Our kids are out on Spring Break next week so on Thursday night I brought the trailer up to Lake Lanier and spent last night and today "de-winterizing" and spiffing it up. The wife and kids were heading up to join me tonight but because there is some severe weather on the way we opted to have them stay home until tomorrow morning. As the rain started the campground host came by with his son and encouraged me to move my truck to a storage shed on the property. They went so far as to move the tractor out of the shed to put my truck in. That is one o the reasons we pay to belong to this group every year.
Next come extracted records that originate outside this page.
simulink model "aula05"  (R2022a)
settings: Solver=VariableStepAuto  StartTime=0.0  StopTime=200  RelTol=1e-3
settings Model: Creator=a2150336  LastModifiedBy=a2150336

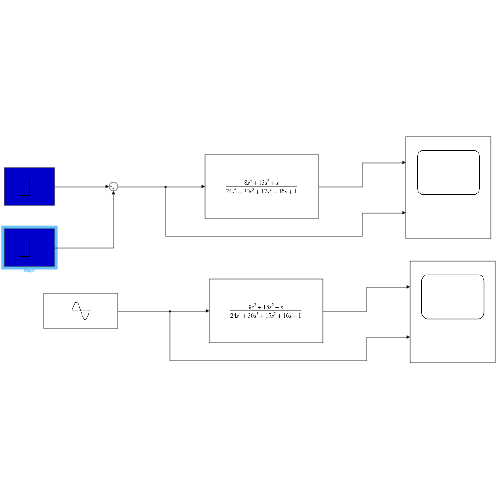
[thumbnail: Simulink's stored preview of the top-level diagram]
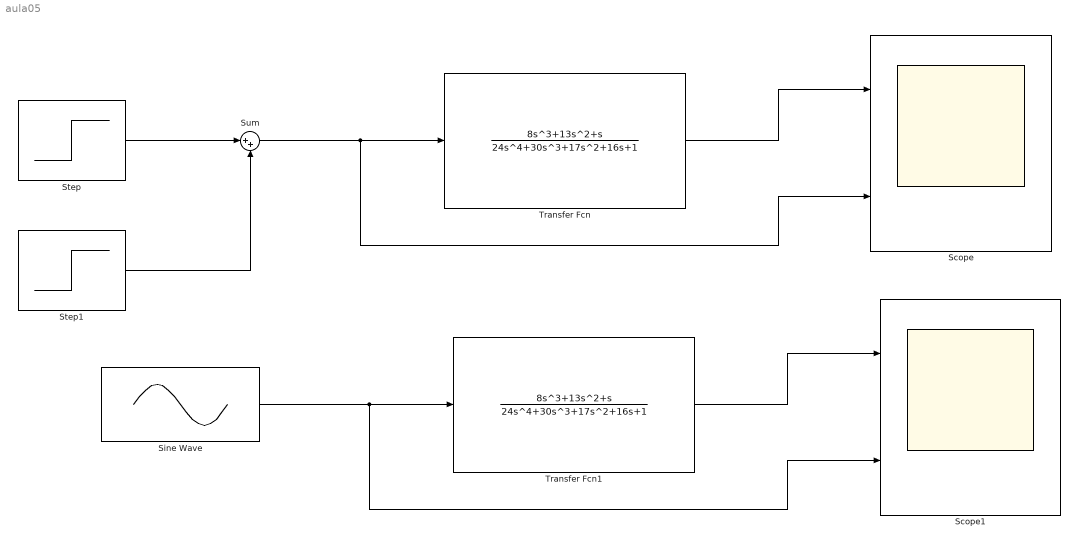
== system aula05 ==
  Scope : Scope  NumInputPorts=2
  Scope1 : Scope  NumInputPorts=2
  Sine Wave : Sin  SampleTime=0
  Step : Step  SampleTime=0
  Step1 : Step  SampleTime=0
  Sum : Sum  Inputs=|++
  Transfer Fcn : TransferFcn  Numerator=[8 13 1 0]  Denominator=[24 30 17 16 1]
  Transfer Fcn1 : TransferFcn  Numerator=[8 13 1 0]  Denominator=[24 30 17 16 1]
  wires:
  Transfer Fcn/1 -> Scope/1
  Step/1 -> Sum/1
  Sum/1 -> Scope/2, Transfer Fcn/1
  Step1/1 -> Sum/2
  Sine Wave/1 -> Scope1/2, Transfer Fcn1/1
  Transfer Fcn1/1 -> Scope1/1
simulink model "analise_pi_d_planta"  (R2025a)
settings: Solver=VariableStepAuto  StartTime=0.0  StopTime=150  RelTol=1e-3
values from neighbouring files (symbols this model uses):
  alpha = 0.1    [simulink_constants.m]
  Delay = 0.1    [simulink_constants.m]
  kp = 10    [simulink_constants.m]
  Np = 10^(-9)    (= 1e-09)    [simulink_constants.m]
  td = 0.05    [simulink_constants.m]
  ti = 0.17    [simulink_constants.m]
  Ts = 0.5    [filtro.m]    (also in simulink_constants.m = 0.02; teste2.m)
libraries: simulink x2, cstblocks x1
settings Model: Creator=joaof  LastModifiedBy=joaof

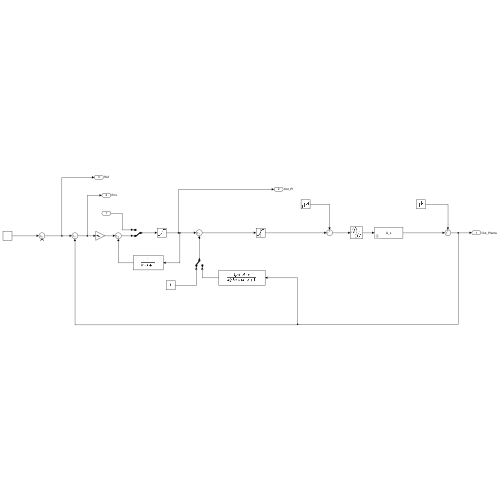
[thumbnail: Simulink's stored preview of the top-level diagram]
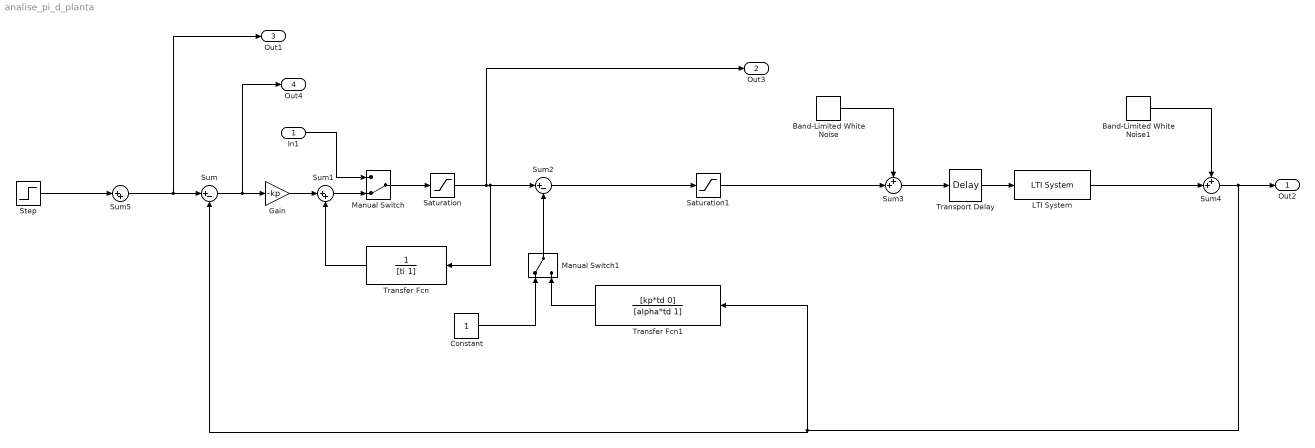
== system analise_pi_d_planta ==
  In1 : Inport
  Band-Limited White Noise : simulink/Sources/Band-Limited White Noise  Cov=[Np]  Ts=Ts  seed=[23341]
  Band-Limited White Noise1 : simulink/Sources/Band-Limited White Noise  Cov=[Np]  Ts=Ts  seed=[23341]
  Constant : Constant
  Gain : Gain  Gain=-kp
  LTI System : cstblocks/LTI System  sys=G_s  IC=[]  PadeOrder=0
  Manual Switch : ManualSwitch  CurrentSetting=0
  Manual Switch1 : ManualSwitch
  Saturation : Saturate  UpperLimit=2  LowerLimit=-2
  Saturation1 : Saturate  UpperLimit=2  LowerLimit=-2
  Step : Step  After=0.18  SampleTime=0
  Sum : Sum  Inputs=|+-
  Sum1 : Sum  Inputs=|++
  Sum2 : Sum  Inputs=|+-
  Sum3 : Sum  Inputs=++|
  Sum4 : Sum  Inputs=++|
  Sum5 : Sum  Inputs=|++
  Transfer Fcn : TransferFcn  Denominator=[ti 1]
  Transfer Fcn1 : TransferFcn  Numerator=[kp*td 0]  Denominator=[alpha*td 1]
  Transport Delay : TransportDelay  DelayTime=Delay
  Out2 : Outport  SignalName=Out_Planta
  Out3 : Outport  Port=2  SignalName=Out_PI
  Out1 : Outport  Port=3  SignalName=Ref
  Out4 : Outport  Port=4  SignalName=Erro
  wires:
  Sum/1 -> Out4/1, Gain/1
  Gain/1 -> Sum1/1
  In1/1 -> Manual Switch/1
  Sum1/1 -> Manual Switch/2
  Manual Switch/1 -> Saturation/1
  Constant/1 -> Manual Switch1/1
  Transfer Fcn1/1 -> Manual Switch1/2
  Manual Switch1/1 -> Sum2/2
  Band-Limited White Noise/1 -> Sum3/1
  Sum3/1 -> Transport Delay/1
  Transport Delay/1 -> LTI System/1
  LTI System/1 -> Sum4/2
  Band-Limited White Noise1/1 -> Sum4/1
  Sum4/1 -> Sum/2, Transfer Fcn1/1, Out2/1
  Sum2/1 -> Saturation1/1
  Saturation/1 -> Out3/1, Transfer Fcn/1, Sum2/1
  Transfer Fcn/1 -> Sum1/2
  Step/1 -> Sum5/1
  Sum5/1 -> Out1/1, Sum/1
  Saturation1/1 -> Sum3/2
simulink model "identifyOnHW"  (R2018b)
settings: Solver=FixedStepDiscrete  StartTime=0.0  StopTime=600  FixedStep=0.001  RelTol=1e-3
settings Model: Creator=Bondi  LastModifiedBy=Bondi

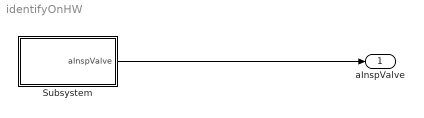
== system identifyOnHW ==
  Subsystem : Subsystem
  aInspValve : Outport  OutputWhenDisabled=reset  InitialOutput=0
  wires:
  Subsystem/1(aInspValve) -> aInspValve/1

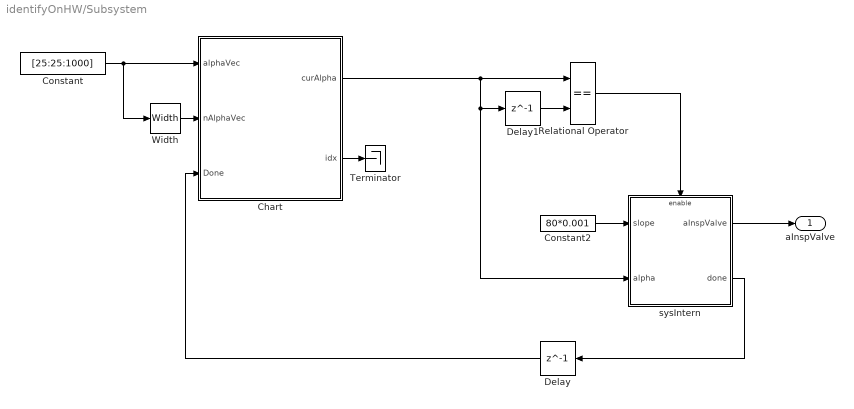
== system identifyOnHW/Subsystem ==
  Chart : Stateflow chart  TreatAsAtomicUnit=on
  Constant : Constant  Value=[25:25:1000]
  Constant2 : Constant  Value=80*0.001
  Delay : Delay  DelayLength=1  InitialCondition=false
  Delay1 : Delay  DelayLength=1
  Relational Operator : RelationalOperator  Operator===  OutDataTypeStr=boolean  RndMeth=Simplest
  Terminator : Terminator
  Width : Width
  sysIntern : Subsystem
  aInspValve : Outport  OutputWhenDisabled=reset  InitialOutput=0
  wires:
  Chart/1(curAlpha) -> sysIntern/2(alpha), Delay1/1, Relational Operator/1
  Constant/1 -> Width/1, Chart/1(alphaVec)
  sysIntern/1(aInspValve) -> aInspValve/1
  Width/1 -> Chart/2(nAlphaVec)
  Chart/2(idx) -> Terminator/1
  Relational Operator/1 -> sysIntern/Enable
  Constant2/1 -> sysIntern/1(slope)
  Delay/1 -> Chart/3(Done)
  sysIntern/2(done) -> Delay/1
  Delay1/1 -> Relational Operator/2

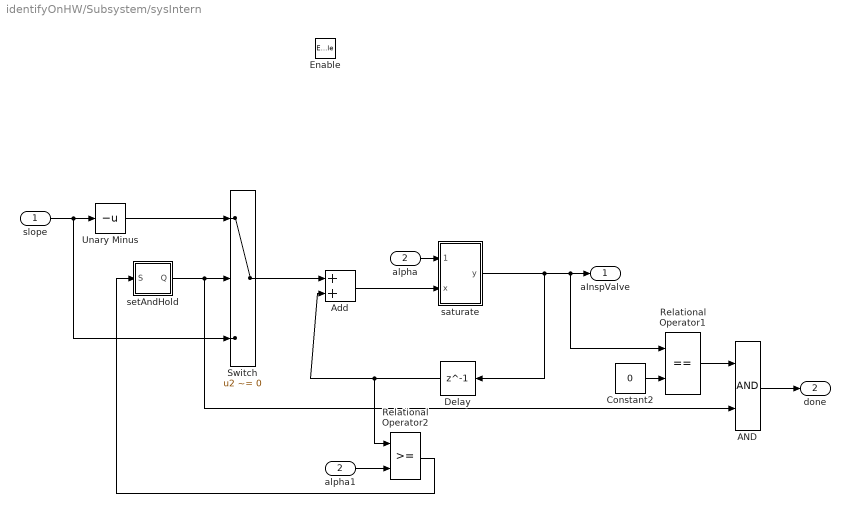
== system identifyOnHW/Subsystem/sysIntern ==
  slope : Inport
  alpha : Inport  Port=2
  Enable : EnablePort  StatesWhenEnabling=reset
  AND : Logic  AllPortsSameDT=off  OutDataTypeStr=boolean
  Add : Sum
  Constant2 : Constant  Value=0
  Delay : Delay  DelayLength=1
  Relational Operator1 : RelationalOperator  Operator===  OutDataTypeStr=boolean  RndMeth=Simplest
  Relational Operator2 : RelationalOperator  OutDataTypeStr=boolean  RndMeth=Simplest
  Switch : Switch  Criteria=u2 ~= 0
  Unary Minus : UnaryMinus
  alpha1 : InportShadow  Port=2
  saturate : Subsystem
  setAndHold : Subsystem
  aInspValve : Outport  OutputWhenDisabled=reset  InitialOutput=0
  done : Outport  Port=2  OutputWhenDisabled=reset  InitialOutput=false
  wires:
  Delay/1 -> Relational Operator2/1, Add/2
  Add/1 -> saturate/2(x)
  slope/1 -> Switch/3, Unary Minus/1
  Switch/1 -> Add/1
  Unary Minus/1 -> Switch/1
  Constant2/1 -> Relational Operator1/2
  AND/1 -> done/1
  saturate/1(y) -> Relational Operator1/1, aInspValve/1, Delay/1
  alpha/1 -> saturate/1(alpha)
  Relational Operator1/1 -> AND/1
  setAndHold/1(Q) -> AND/2, Switch/2
  Relational Operator2/1 -> setAndHold/1(S)
  alpha1/1 -> Relational Operator2/2

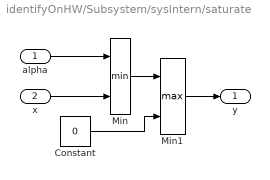
== system identifyOnHW/Subsystem/sysIntern/saturate ==
  alpha : Inport
  x : Inport  Port=2
  Constant : Constant  Value=0
  Min : MinMax  Inputs=2
  Min1 : MinMax  Function=max  Inputs=2
  y : Outport
  wires:
  Constant/1 -> Min1/2
  Min/1 -> Min1/1
  x/1 -> Min/2
  Min1/1 -> y/1
  alpha/1 -> Min/1

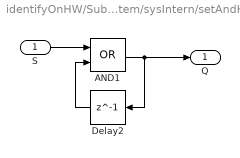
== system identifyOnHW/Subsystem/sysIntern/setAndHold ==
  S : Inport
  AND1 : Logic  Operator=OR  AllPortsSameDT=off  OutDataTypeStr=boolean
  Delay2 : Delay  DelayLength=1  InitialCondition=false
  Q : Outport  OutputWhenDisabled=reset  InitialOutput=0
  wires:
  Delay2/1 -> AND1/2
  S/1 -> AND1/1
  AND1/1 -> Q/1, Delay2/1

== stateflow chart identifyOnHW/Subsystem/Chart ==
  state y
  state RunAlphaValue
    en:
    curAlpha=alphaVec(idx)
  (junction 16) -> y [order 2]
  (junction 16) -> (junction 17) [order 1] : [idx<nAlphaVec]
  RunAlphaValue -> (junction 16) : [Done]
  (junction 17) -> RunAlphaValue : {idx=idx+1;}
  (default) -> RunAlphaValue : {idx=1;}
  data: alphaVec input; nAlphaVec input; curAlpha output; idx output; Done input

I was trapped in the trailer and decided to do some school work on the computer. It is nice and quiet and I listened to the rain falling steadily on the trailer. I idly hoped it would wash some of the much that accumulated on the trailer over the past year. I was checking the forecast at weather.com and saw that it was going to rain steadily for a couple of hours. It finally hit me, now is the opportunity to clean the trailer I have waited for.

I only had about an hour and half of daylight left when I started. I changed into some shorts and some water shoes I normally keep in the boat. I had the wand and bucket along with some car wash detergent. I drew a bucket of warm water from the tap, added the soap and away I went.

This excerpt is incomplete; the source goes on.